* EXERCISE DIRECTIONS *
Examine each line of the listing below. Copy those in which the string "childLayout" appears.

(THE DATA begins)

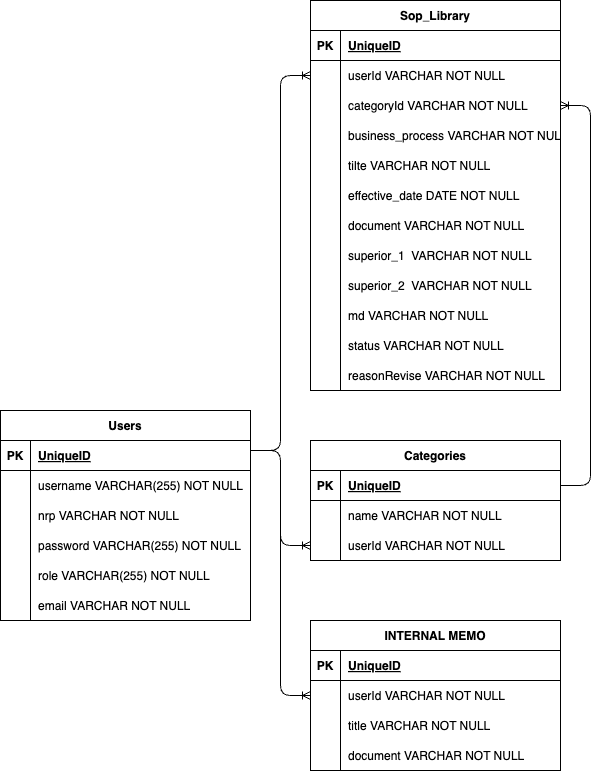

The diagram above was exported from draw.io. Its source (the exported page's mxGraphModel, read from the mxfile embedded in the PNG):
<mxGraphModel dx="2439" dy="964" grid="1" gridSize="10" guides="1" tooltips="1" connect="1" arrows="1" fold="1" page="1" pageScale="1" pageWidth="850" pageHeight="1100" math="0" shadow="0">
  <root>
    <mxCell id="0" />
    <mxCell id="1" parent="0" />
    <mxCell id="151" value="Users" style="shape=table;startSize=30;container=1;collapsible=1;childLayout=tableLayout;fixedRows=1;rowLines=0;fontStyle=1;align=center;resizeLast=1;" parent="1" vertex="1">
      <mxGeometry x="-820" y="430" width="250" height="210" as="geometry" />
    </mxCell>
    <mxCell id="152" value="" style="shape=tableRow;horizontal=0;startSize=0;swimlaneHead=0;swimlaneBody=0;fillColor=none;collapsible=0;dropTarget=0;points=[[0,0.5],[1,0.5]];portConstraint=eastwest;top=0;left=0;right=0;bottom=1;" parent="151" vertex="1">
      <mxGeometry y="30" width="250" height="30" as="geometry" />
    </mxCell>
    <mxCell id="153" value="PK" style="shape=partialRectangle;connectable=0;fillColor=none;top=0;left=0;bottom=0;right=0;fontStyle=1;overflow=hidden;" parent="152" vertex="1">
      <mxGeometry width="30" height="30" as="geometry">
        <mxRectangle width="30" height="30" as="alternateBounds" />
      </mxGeometry>
    </mxCell>
    <mxCell id="154" value="UniqueID" style="shape=partialRectangle;connectable=0;fillColor=none;top=0;left=0;bottom=0;right=0;align=left;spacingLeft=6;fontStyle=5;overflow=hidden;" parent="152" vertex="1">
      <mxGeometry x="30" width="220" height="30" as="geometry">
        <mxRectangle width="220" height="30" as="alternateBounds" />
      </mxGeometry>
    </mxCell>
    <mxCell id="155" value="" style="shape=tableRow;horizontal=0;startSize=0;swimlaneHead=0;swimlaneBody=0;fillColor=none;collapsible=0;dropTarget=0;points=[[0,0.5],[1,0.5]];portConstraint=eastwest;top=0;left=0;right=0;bottom=0;" parent="151" vertex="1">
      <mxGeometry y="60" width="250" height="30" as="geometry" />
    </mxCell>
    <mxCell id="156" value="" style="shape=partialRectangle;connectable=0;fillColor=none;top=0;left=0;bottom=0;right=0;editable=1;overflow=hidden;" parent="155" vertex="1">
      <mxGeometry width="30" height="30" as="geometry">
        <mxRectangle width="30" height="30" as="alternateBounds" />
      </mxGeometry>
    </mxCell>
    <mxCell id="157" value="username VARCHAR(255) NOT NULL" style="shape=partialRectangle;connectable=0;fillColor=none;top=0;left=0;bottom=0;right=0;align=left;spacingLeft=6;overflow=hidden;" parent="155" vertex="1">
      <mxGeometry x="30" width="220" height="30" as="geometry">
        <mxRectangle width="220" height="30" as="alternateBounds" />
      </mxGeometry>
    </mxCell>
    <mxCell id="158" value="" style="shape=tableRow;horizontal=0;startSize=0;swimlaneHead=0;swimlaneBody=0;fillColor=none;collapsible=0;dropTarget=0;points=[[0,0.5],[1,0.5]];portConstraint=eastwest;top=0;left=0;right=0;bottom=0;" parent="151" vertex="1">
      <mxGeometry y="90" width="250" height="30" as="geometry" />
    </mxCell>
    <mxCell id="159" value="" style="shape=partialRectangle;connectable=0;fillColor=none;top=0;left=0;bottom=0;right=0;editable=1;overflow=hidden;" parent="158" vertex="1">
      <mxGeometry width="30" height="30" as="geometry">
        <mxRectangle width="30" height="30" as="alternateBounds" />
      </mxGeometry>
    </mxCell>
    <mxCell id="160" value="nrp VARCHAR NOT NULL" style="shape=partialRectangle;connectable=0;fillColor=none;top=0;left=0;bottom=0;right=0;align=left;spacingLeft=6;overflow=hidden;" parent="158" vertex="1">
      <mxGeometry x="30" width="220" height="30" as="geometry">
        <mxRectangle width="220" height="30" as="alternateBounds" />
      </mxGeometry>
    </mxCell>
    <mxCell id="170" value="" style="shape=tableRow;horizontal=0;startSize=0;swimlaneHead=0;swimlaneBody=0;fillColor=none;collapsible=0;dropTarget=0;points=[[0,0.5],[1,0.5]];portConstraint=eastwest;top=0;left=0;right=0;bottom=0;" parent="151" vertex="1">
      <mxGeometry y="120" width="250" height="30" as="geometry" />
    </mxCell>
    <mxCell id="171" value="" style="shape=partialRectangle;connectable=0;fillColor=none;top=0;left=0;bottom=0;right=0;editable=1;overflow=hidden;" parent="170" vertex="1">
      <mxGeometry width="30" height="30" as="geometry">
        <mxRectangle width="30" height="30" as="alternateBounds" />
      </mxGeometry>
    </mxCell>
    <mxCell id="172" value="password VARCHAR(255) NOT NULL" style="shape=partialRectangle;connectable=0;fillColor=none;top=0;left=0;bottom=0;right=0;align=left;spacingLeft=6;overflow=hidden;" parent="170" vertex="1">
      <mxGeometry x="30" width="220" height="30" as="geometry">
        <mxRectangle width="220" height="30" as="alternateBounds" />
      </mxGeometry>
    </mxCell>
    <mxCell id="189" value="" style="shape=tableRow;horizontal=0;startSize=0;swimlaneHead=0;swimlaneBody=0;fillColor=none;collapsible=0;dropTarget=0;points=[[0,0.5],[1,0.5]];portConstraint=eastwest;top=0;left=0;right=0;bottom=0;" parent="151" vertex="1">
      <mxGeometry y="150" width="250" height="30" as="geometry" />
    </mxCell>
    <mxCell id="190" value="" style="shape=partialRectangle;connectable=0;fillColor=none;top=0;left=0;bottom=0;right=0;editable=1;overflow=hidden;" parent="189" vertex="1">
      <mxGeometry width="30" height="30" as="geometry">
        <mxRectangle width="30" height="30" as="alternateBounds" />
      </mxGeometry>
    </mxCell>
    <mxCell id="191" value="role VARCHAR(255) NOT NULL" style="shape=partialRectangle;connectable=0;fillColor=none;top=0;left=0;bottom=0;right=0;align=left;spacingLeft=6;overflow=hidden;" parent="189" vertex="1">
      <mxGeometry x="30" width="220" height="30" as="geometry">
        <mxRectangle width="220" height="30" as="alternateBounds" />
      </mxGeometry>
    </mxCell>
    <mxCell id="195" value="" style="shape=tableRow;horizontal=0;startSize=0;swimlaneHead=0;swimlaneBody=0;fillColor=none;collapsible=0;dropTarget=0;points=[[0,0.5],[1,0.5]];portConstraint=eastwest;top=0;left=0;right=0;bottom=0;" vertex="1" parent="151">
      <mxGeometry y="180" width="250" height="30" as="geometry" />
    </mxCell>
    <mxCell id="196" value="" style="shape=partialRectangle;connectable=0;fillColor=none;top=0;left=0;bottom=0;right=0;editable=1;overflow=hidden;" vertex="1" parent="195">
      <mxGeometry width="30" height="30" as="geometry">
        <mxRectangle width="30" height="30" as="alternateBounds" />
      </mxGeometry>
    </mxCell>
    <mxCell id="197" value="email VARCHAR NOT NULL" style="shape=partialRectangle;connectable=0;fillColor=none;top=0;left=0;bottom=0;right=0;align=left;spacingLeft=6;overflow=hidden;" vertex="1" parent="195">
      <mxGeometry x="30" width="220" height="30" as="geometry">
        <mxRectangle width="220" height="30" as="alternateBounds" />
      </mxGeometry>
    </mxCell>
    <mxCell id="198" value="Sop_Library" style="shape=table;startSize=30;container=1;collapsible=1;childLayout=tableLayout;fixedRows=1;rowLines=0;fontStyle=1;align=center;resizeLast=1;" vertex="1" parent="1">
      <mxGeometry x="-510" y="20" width="250" height="390" as="geometry" />
    </mxCell>
    <mxCell id="199" value="" style="shape=tableRow;horizontal=0;startSize=0;swimlaneHead=0;swimlaneBody=0;fillColor=none;collapsible=0;dropTarget=0;points=[[0,0.5],[1,0.5]];portConstraint=eastwest;top=0;left=0;right=0;bottom=1;" vertex="1" parent="198">
      <mxGeometry y="30" width="250" height="30" as="geometry" />
    </mxCell>
    <mxCell id="200" value="PK" style="shape=partialRectangle;connectable=0;fillColor=none;top=0;left=0;bottom=0;right=0;fontStyle=1;overflow=hidden;" vertex="1" parent="199">
      <mxGeometry width="30" height="30" as="geometry">
        <mxRectangle width="30" height="30" as="alternateBounds" />
      </mxGeometry>
    </mxCell>
    <mxCell id="201" value="UniqueID" style="shape=partialRectangle;connectable=0;fillColor=none;top=0;left=0;bottom=0;right=0;align=left;spacingLeft=6;fontStyle=5;overflow=hidden;" vertex="1" parent="199">
      <mxGeometry x="30" width="220" height="30" as="geometry">
        <mxRectangle width="220" height="30" as="alternateBounds" />
      </mxGeometry>
    </mxCell>
    <mxCell id="202" value="" style="shape=tableRow;horizontal=0;startSize=0;swimlaneHead=0;swimlaneBody=0;fillColor=none;collapsible=0;dropTarget=0;points=[[0,0.5],[1,0.5]];portConstraint=eastwest;top=0;left=0;right=0;bottom=0;" vertex="1" parent="198">
      <mxGeometry y="60" width="250" height="30" as="geometry" />
    </mxCell>
    <mxCell id="203" value="" style="shape=partialRectangle;connectable=0;fillColor=none;top=0;left=0;bottom=0;right=0;editable=1;overflow=hidden;" vertex="1" parent="202">
      <mxGeometry width="30" height="30" as="geometry">
        <mxRectangle width="30" height="30" as="alternateBounds" />
      </mxGeometry>
    </mxCell>
    <mxCell id="204" value="userId VARCHAR NOT NULL" style="shape=partialRectangle;connectable=0;fillColor=none;top=0;left=0;bottom=0;right=0;align=left;spacingLeft=6;overflow=hidden;" vertex="1" parent="202">
      <mxGeometry x="30" width="220" height="30" as="geometry">
        <mxRectangle width="220" height="30" as="alternateBounds" />
      </mxGeometry>
    </mxCell>
    <mxCell id="249" value="" style="shape=tableRow;horizontal=0;startSize=0;swimlaneHead=0;swimlaneBody=0;fillColor=none;collapsible=0;dropTarget=0;points=[[0,0.5],[1,0.5]];portConstraint=eastwest;top=0;left=0;right=0;bottom=0;" vertex="1" parent="198">
      <mxGeometry y="90" width="250" height="30" as="geometry" />
    </mxCell>
    <mxCell id="250" value="" style="shape=partialRectangle;connectable=0;fillColor=none;top=0;left=0;bottom=0;right=0;editable=1;overflow=hidden;" vertex="1" parent="249">
      <mxGeometry width="30" height="30" as="geometry">
        <mxRectangle width="30" height="30" as="alternateBounds" />
      </mxGeometry>
    </mxCell>
    <mxCell id="251" value="categoryId VARCHAR NOT NULL" style="shape=partialRectangle;connectable=0;fillColor=none;top=0;left=0;bottom=0;right=0;align=left;spacingLeft=6;overflow=hidden;" vertex="1" parent="249">
      <mxGeometry x="30" width="220" height="30" as="geometry">
        <mxRectangle width="220" height="30" as="alternateBounds" />
      </mxGeometry>
    </mxCell>
    <mxCell id="205" value="" style="shape=tableRow;horizontal=0;startSize=0;swimlaneHead=0;swimlaneBody=0;fillColor=none;collapsible=0;dropTarget=0;points=[[0,0.5],[1,0.5]];portConstraint=eastwest;top=0;left=0;right=0;bottom=0;" vertex="1" parent="198">
      <mxGeometry y="120" width="250" height="30" as="geometry" />
    </mxCell>
    <mxCell id="206" value="" style="shape=partialRectangle;connectable=0;fillColor=none;top=0;left=0;bottom=0;right=0;editable=1;overflow=hidden;" vertex="1" parent="205">
      <mxGeometry width="30" height="30" as="geometry">
        <mxRectangle width="30" height="30" as="alternateBounds" />
      </mxGeometry>
    </mxCell>
    <mxCell id="207" value="business_process VARCHAR NOT NULL" style="shape=partialRectangle;connectable=0;fillColor=none;top=0;left=0;bottom=0;right=0;align=left;spacingLeft=6;overflow=hidden;" vertex="1" parent="205">
      <mxGeometry x="30" width="220" height="30" as="geometry">
        <mxRectangle width="220" height="30" as="alternateBounds" />
      </mxGeometry>
    </mxCell>
    <mxCell id="208" value="" style="shape=tableRow;horizontal=0;startSize=0;swimlaneHead=0;swimlaneBody=0;fillColor=none;collapsible=0;dropTarget=0;points=[[0,0.5],[1,0.5]];portConstraint=eastwest;top=0;left=0;right=0;bottom=0;" vertex="1" parent="198">
      <mxGeometry y="150" width="250" height="30" as="geometry" />
    </mxCell>
    <mxCell id="209" value="" style="shape=partialRectangle;connectable=0;fillColor=none;top=0;left=0;bottom=0;right=0;editable=1;overflow=hidden;" vertex="1" parent="208">
      <mxGeometry width="30" height="30" as="geometry">
        <mxRectangle width="30" height="30" as="alternateBounds" />
      </mxGeometry>
    </mxCell>
    <mxCell id="210" value="tilte VARCHAR NOT NULL" style="shape=partialRectangle;connectable=0;fillColor=none;top=0;left=0;bottom=0;right=0;align=left;spacingLeft=6;overflow=hidden;" vertex="1" parent="208">
      <mxGeometry x="30" width="220" height="30" as="geometry">
        <mxRectangle width="220" height="30" as="alternateBounds" />
      </mxGeometry>
    </mxCell>
    <mxCell id="211" value="" style="shape=tableRow;horizontal=0;startSize=0;swimlaneHead=0;swimlaneBody=0;fillColor=none;collapsible=0;dropTarget=0;points=[[0,0.5],[1,0.5]];portConstraint=eastwest;top=0;left=0;right=0;bottom=0;" vertex="1" parent="198">
      <mxGeometry y="180" width="250" height="30" as="geometry" />
    </mxCell>
    <mxCell id="212" value="" style="shape=partialRectangle;connectable=0;fillColor=none;top=0;left=0;bottom=0;right=0;editable=1;overflow=hidden;" vertex="1" parent="211">
      <mxGeometry width="30" height="30" as="geometry">
        <mxRectangle width="30" height="30" as="alternateBounds" />
      </mxGeometry>
    </mxCell>
    <mxCell id="213" value="effective_date DATE NOT NULL" style="shape=partialRectangle;connectable=0;fillColor=none;top=0;left=0;bottom=0;right=0;align=left;spacingLeft=6;overflow=hidden;" vertex="1" parent="211">
      <mxGeometry x="30" width="220" height="30" as="geometry">
        <mxRectangle width="220" height="30" as="alternateBounds" />
      </mxGeometry>
    </mxCell>
    <mxCell id="214" value="" style="shape=tableRow;horizontal=0;startSize=0;swimlaneHead=0;swimlaneBody=0;fillColor=none;collapsible=0;dropTarget=0;points=[[0,0.5],[1,0.5]];portConstraint=eastwest;top=0;left=0;right=0;bottom=0;" vertex="1" parent="198">
      <mxGeometry y="210" width="250" height="30" as="geometry" />
    </mxCell>
    <mxCell id="215" value="" style="shape=partialRectangle;connectable=0;fillColor=none;top=0;left=0;bottom=0;right=0;editable=1;overflow=hidden;" vertex="1" parent="214">
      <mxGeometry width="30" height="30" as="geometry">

(THE DATA ends)

* ANSWER SPACE *
    <mxCell id="151" value="Users" style="shape=table;startSize=30;container=1;collapsible=1;childLayout=tableLayout;fixedRows=1;rowLines=0;fontStyle=1;align=center;resizeLast=1;" parent="1" vertex="1">
    <mxCell id="198" value="Sop_Library" style="shape=table;startSize=30;container=1;collapsible=1;childLayout=tableLayout;fixedRows=1;rowLines=0;fontStyle=1;align=center;resizeLast=1;" vertex="1" parent="1">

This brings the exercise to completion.